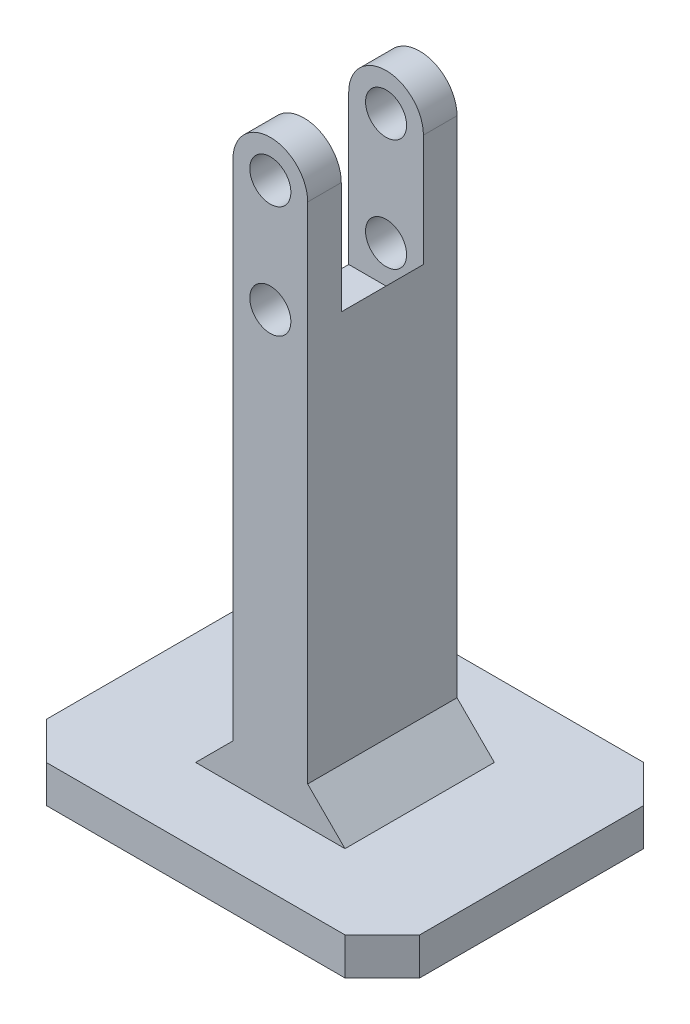
SolidWorks part; units mm, degrees
material "ABS"
ref_plane "Front Plane" through (0, 0, 0) normal (0, 0, 1) x (1, 0, 0)
ref_plane "Top Plane" through (0, 0, 0) normal (0, 1, 0) x (1, 0, 0)
ref_plane "Right Plane" through (0, 0, 0) normal (1, 0, 0) x (0, 0, -1)
ref_axis "X" through (-88.99, 0, 0) along (1, 0, 0)
ref_axis "Y" through (0, 55, 0) along (0, -1, 0)
ref_axis "Z" through (0, 0, -88.99) along (0, 0, 1)
sketch "Sketch1" plane through (0, 0, 0) normal (0, 0, 1) x (1, 0, 0)
  line L0 (0, 7.5) -> (0, -7.5) construction
  line L1 (0, -7.5) -> (0, -67.5) construction
  line L2 (5, -65) -> (5, 7.5)
  line L3 (-25, -65) -> (25, -65)
  line L4 (-25, -65) -> (-25, -70)
  line L5 (-25, -70) -> (25, -70)
  line L6 (25, -65) -> (25, -70)
  line L7 (-25, -65) -> (25, -70) construction
  line L8 (-25, -70) -> (25, -65) construction
  line L9 (-5, 7.5) -> (-5, -65)
  line L10 (0, -12.5) -> (-5, -12.5)
  arc A0 (5, 7.5) -> (-5, 7.5) centre (0, 7.5) ccw
  circle A1 centre (0, 7.5) radius 2.5 construction
  circle A2 centre (0, -7.5) radius 2.5 construction
  arc A3 (5, -7.5) -> (0, -12.5) centre (0, -7.5) cw
  point P4 (0, 0)
  dimension "D5" = 5
  dimension "D6" = 5
  dimension "D1" = 15
  dimension "D2" = 5
  dimension "D3" = 50
  dimension "D4" = 60
extrude "Boss-Extrude1" add sketch "Sketch1" along normal mid plane 20 contours L2 A0 L9 L3 | L6 L3 L4 L5 | A3 L2 A0 L9 L10 region at (0.0393, -38.4732, 0) region at (0, -67.5, 0) region at (-0.0891, -0.2611, 0)
sketch "Sketch4" plane through (0, 0, 10) normal (0, 0, 1) x (1, 0, 0)
  point P0 (0, 7.5)
  point P3 (0, -7.5)
hole_wizard "M5 Clearance Hole1" positions "Sketch4" profile "Sketch3" hole size "M5" standard "ANSI Metric" end condition through all
sketch "Sketch3" plane through (0, 7.5, 10) normal (1, 0, 0) x (0, -1, 0)
  line L0 (0, 0) -> (0, 20)
  line L1 (0, 20) -> (2.75, 20)
  line L2 (2.75, 20) -> (2.75, 0)
  line L5 (2.75, 0) -> (0, 0)
  line L11 (0, -6.35) -> (0, 107.95) construction
  dimension "Thru Hole Dia." = 5.5
  dimension "Thru Hole Depth" = 20
extrude "Cut-Extrude1" cut sketch "Sketch1<3>" against normal mid plane 11 contours A3 L2 A0 L9 L10 region at (-0.0891, -0.2611, 0)
sketch "Sketch1<3>" plane through (0, 0, 0) normal (0, 0, 1) x (1, 0, 0) same geometry as "Sketch1"
extrude "Boss-Extrude2" add sketch "Sketch1<4>" along normal mid plane 40 contours L6 L3 L4 L5 region at (0, -67.5, 0)
sketch "Sketch1<4>" plane through (0, 0, 0) normal (0, 0, 1) x (1, 0, 0) same geometry as "Sketch1"
chamfer "Chamfer1" distance 5 angle 45 6 edges at (5, -65, 0) (-5, -65, 0) (25, -67.5, -20) (-25, -67.5, -20) (25, -67.5, 20) (-25, -67.5, 20)
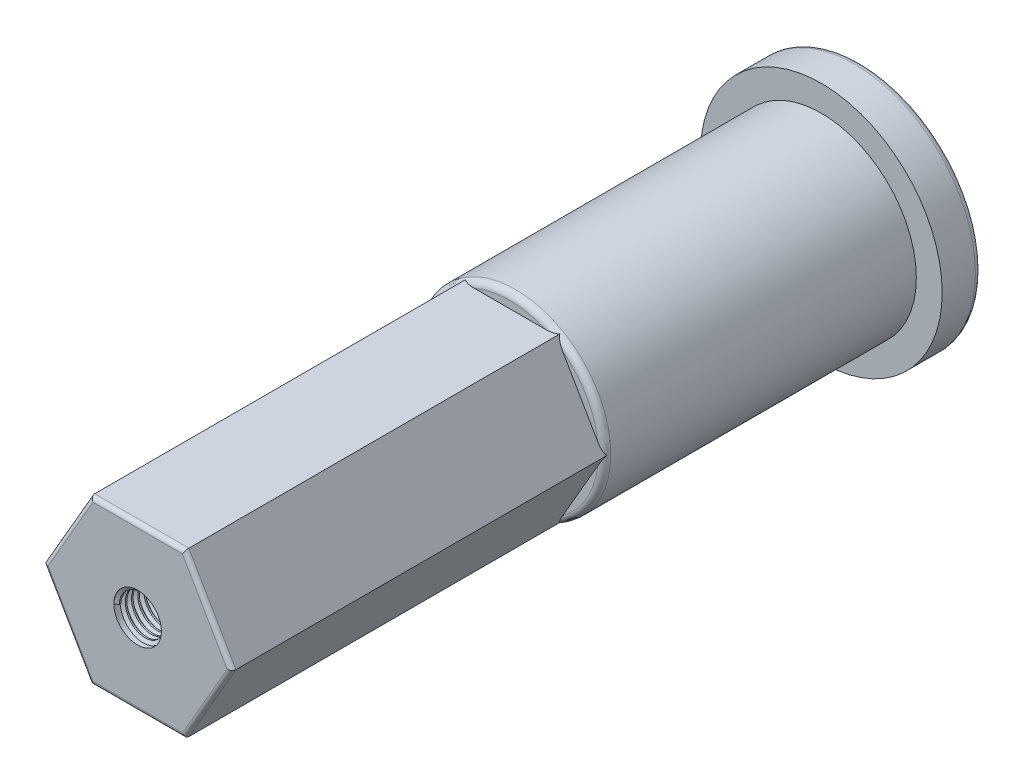
SolidWorks part; units mm, degrees
ref_plane "Alzado" through (0, 0, 0) normal (0, 0, 1) x (1, 0, 0)
ref_plane "Planta" through (0, 0, 0) normal (0, 1, 0) x (1, 0, 0)
ref_plane "Vista lateral" through (0, 0, 0) normal (1, 0, 0) x (0, 0, -1)
sketch "Croquis1" plane through (0, 0, 0) normal (0, 0, 1) x (1, 0, 0)
  circle A0 centre (0, 0) radius 5.85
  dimension "D1" = 11.7
extrude "Saliente-Extruir1" add sketch "Croquis1" along normal blind 35
sketch "Croquis2" plane through (0, 0, 35) normal (0, 0, 1) x (1, 0, 0)
  circle A0 centre (0, 0) radius 4.6
  dimension "D1" = 9.2
extrude "Cortar-Extruir1" cut sketch "Croquis2" against normal blind 33.09 flip side to cut
sketch "Croquis3" plane through (0, 0, 35) normal (0, 0, 1) x (1, 0, 0)
  line L1 (4.5611, 0) -> (2.2805, 3.95)
  line L2 (2.2805, 3.95) -> (-2.2805, 3.95)
  line L3 (-2.2805, 3.95) -> (-4.5611, 0)
  line L4 (-4.5611, 0) -> (-2.2805, -3.95)
  line L5 (-2.2805, -3.95) -> (2.2805, -3.95)
  line L6 (2.2805, -3.95) -> (4.5611, 0)
  circle A0 centre (0, 0) radius 3.95 construction
  dimension "D1" = 3.95
extrude "Cortar-Extruir3" cut sketch "Croquis3" against normal blind 18 flip side to cut
sketch "Croquis4" plane through (0, 0, 0) normal (0, 0, -1) x (-1, 0, 0)
  circle A0 centre (0, 0) radius 2.45
  dimension "D1" = 4.9
extrude "Cortar-Extruir4" cut sketch "Croquis4" against normal blind 1.5
sketch "Croquis5" plane through (0, 0, 35) normal (0, 0, 1) x (1, 0, 0)
  circle A0 centre (0, 0) radius 1.15
  dimension "D1" = 2.3
extrude "Cortar-Extruir5" cut sketch "Croquis5" against normal up to next
sketch "Croquis6" plane through (0, 0, 0) normal (0, 0, -1) x (-1, 0, 0)
  circle A0 centre (0, 0) radius 4
  dimension "D1" = 8
extrude "Cortar-Extruir6" cut sketch "Croquis6" against normal blind 0.1
fillet "Redondeo1" radius 0.2 6 edges at (-3.4208, 1.975, 35) (-3.4208, -1.975, 35) (0, -3.95, 35) (3.4208, -1.975, 35) (3.4208, 1.975, 35) (0, 3.95, 35)
fillet "Redondeo2" radius 0.3 1 edges at (4.6, 0, 17)
fillet "Redondeo3" radius 0.3 1 edges at (5.85, 0, 0)
sketch "Croquis7" plane through (0, 0, 0) normal (0, 0, -1) x (-1, 0, 0)
  line L0 (2.3094, 0) -> (4, 0) construction
  line L1 (2.3094, 0) -> (1.1547, 2)
  line L2 (1.1547, 2) -> (-1.1547, 2)
  line L3 (-1.1547, 2) -> (-2.3094, 0)
  line L4 (-2.3094, 0) -> (-1.1547, -2)
  line L5 (-1.1547, -2) -> (1.1547, -2)
  line L6 (1.1547, -2) -> (2.3094, 0)
  circle A0 centre (0, 0) radius 2 construction
  circle A1 centre (0, 0) radius 4 construction
  dimension "D1" = 2
extrude "Cortar-Extruir7" cut sketch "Croquis7" against normal blind 30.5
fillet "Redondeo4" radius 0.4 6 edges at (-1.7321, -1, 1.5) (0, -2, 1.5) (1.7321, -1, 1.5) (-1.7321, 1, 1.5) (0, 2, 1.5) (1.7321, 1, 1.5)
thread "Rosca1" pitch 0.3 method extrude profile "Perfil de rosca1" start angle 0, offset 0, length 0, pitch 0.3, diameter 2.3
ref_plane "Plano1" through (-1.15, 0, 35) normal (0, -1, 0) x (-1, 0, 0)
sketch "Perfil de rosca1" plane through (-1.15, 0, 35) normal (0, -1, 0) x (-1, 0, 0)
  line L0 (0, 0) -> (0, 0.3) construction
  line L11 (0, 0) -> (0, 0.2625)
  line L12 (0, 0.2625) -> (-0.1624, 0.1687)
  line L13 (-0.1624, 0.1687) -> (-0.1624, 0.0937)
  line L15 (-0.1624, 0.0937) -> (0, 0)
  line L17 (-0.1624, 0.1312) -> (0, 0.1312) construction
  point P2 (0, 0)
  dimension "Pitch" = 0.3
  dimension "Profile_Angle" = 60
  dimension "Profile_Land" = 0.075
  dimension "Profile_Height" = 0.1624
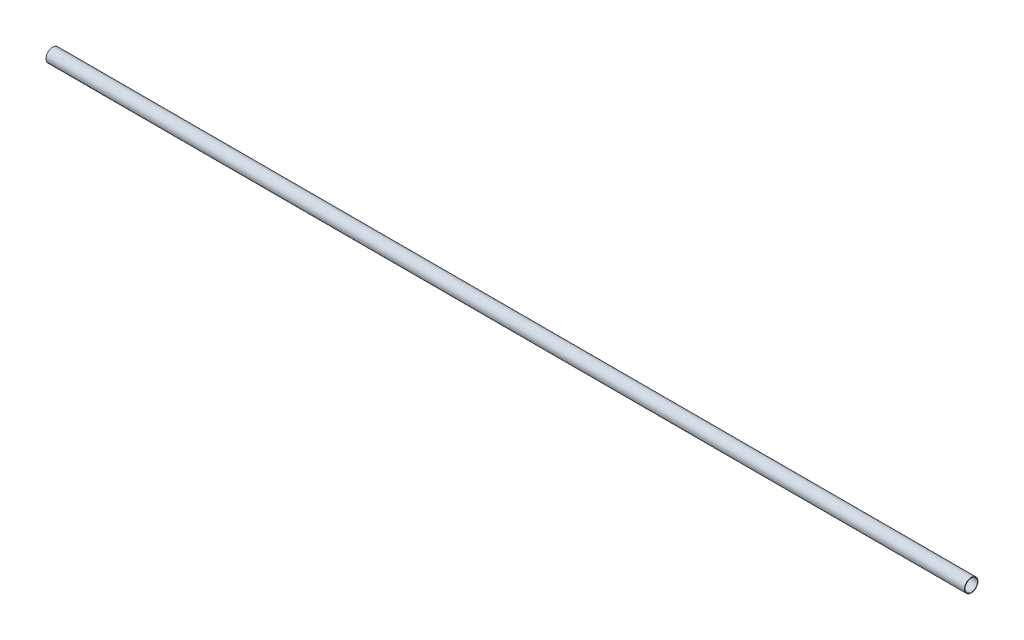
SolidWorks part; units mm, degrees
ref_plane "Front Plane" through (0, 0, 0) normal (0, 0, 1) x (1, 0, 0)
ref_plane "Top Plane" through (0, 0, 0) normal (0, 1, 0) x (1, 0, 0)
ref_plane "Right Plane" through (0, 0, 0) normal (1, 0, 0) x (0, 0, -1)
sketch "Sketch1" plane through (0, 0, 0) normal (1, 0, 0) x (0, 0, -1)
  circle A0 centre (0, 0) radius 12.5
  circle A1 centre (0, 0) radius 11.5
  dimension "D1" = 25
  dimension "D2" = 23
extrude "Boss-Extrude1" add sketch "Sketch1" along normal blind 1700

::::::

> **Exercise instructions**
Look at the entries above. Say how many lines have the word "Thru", and give only the number.

> **Answer below**
2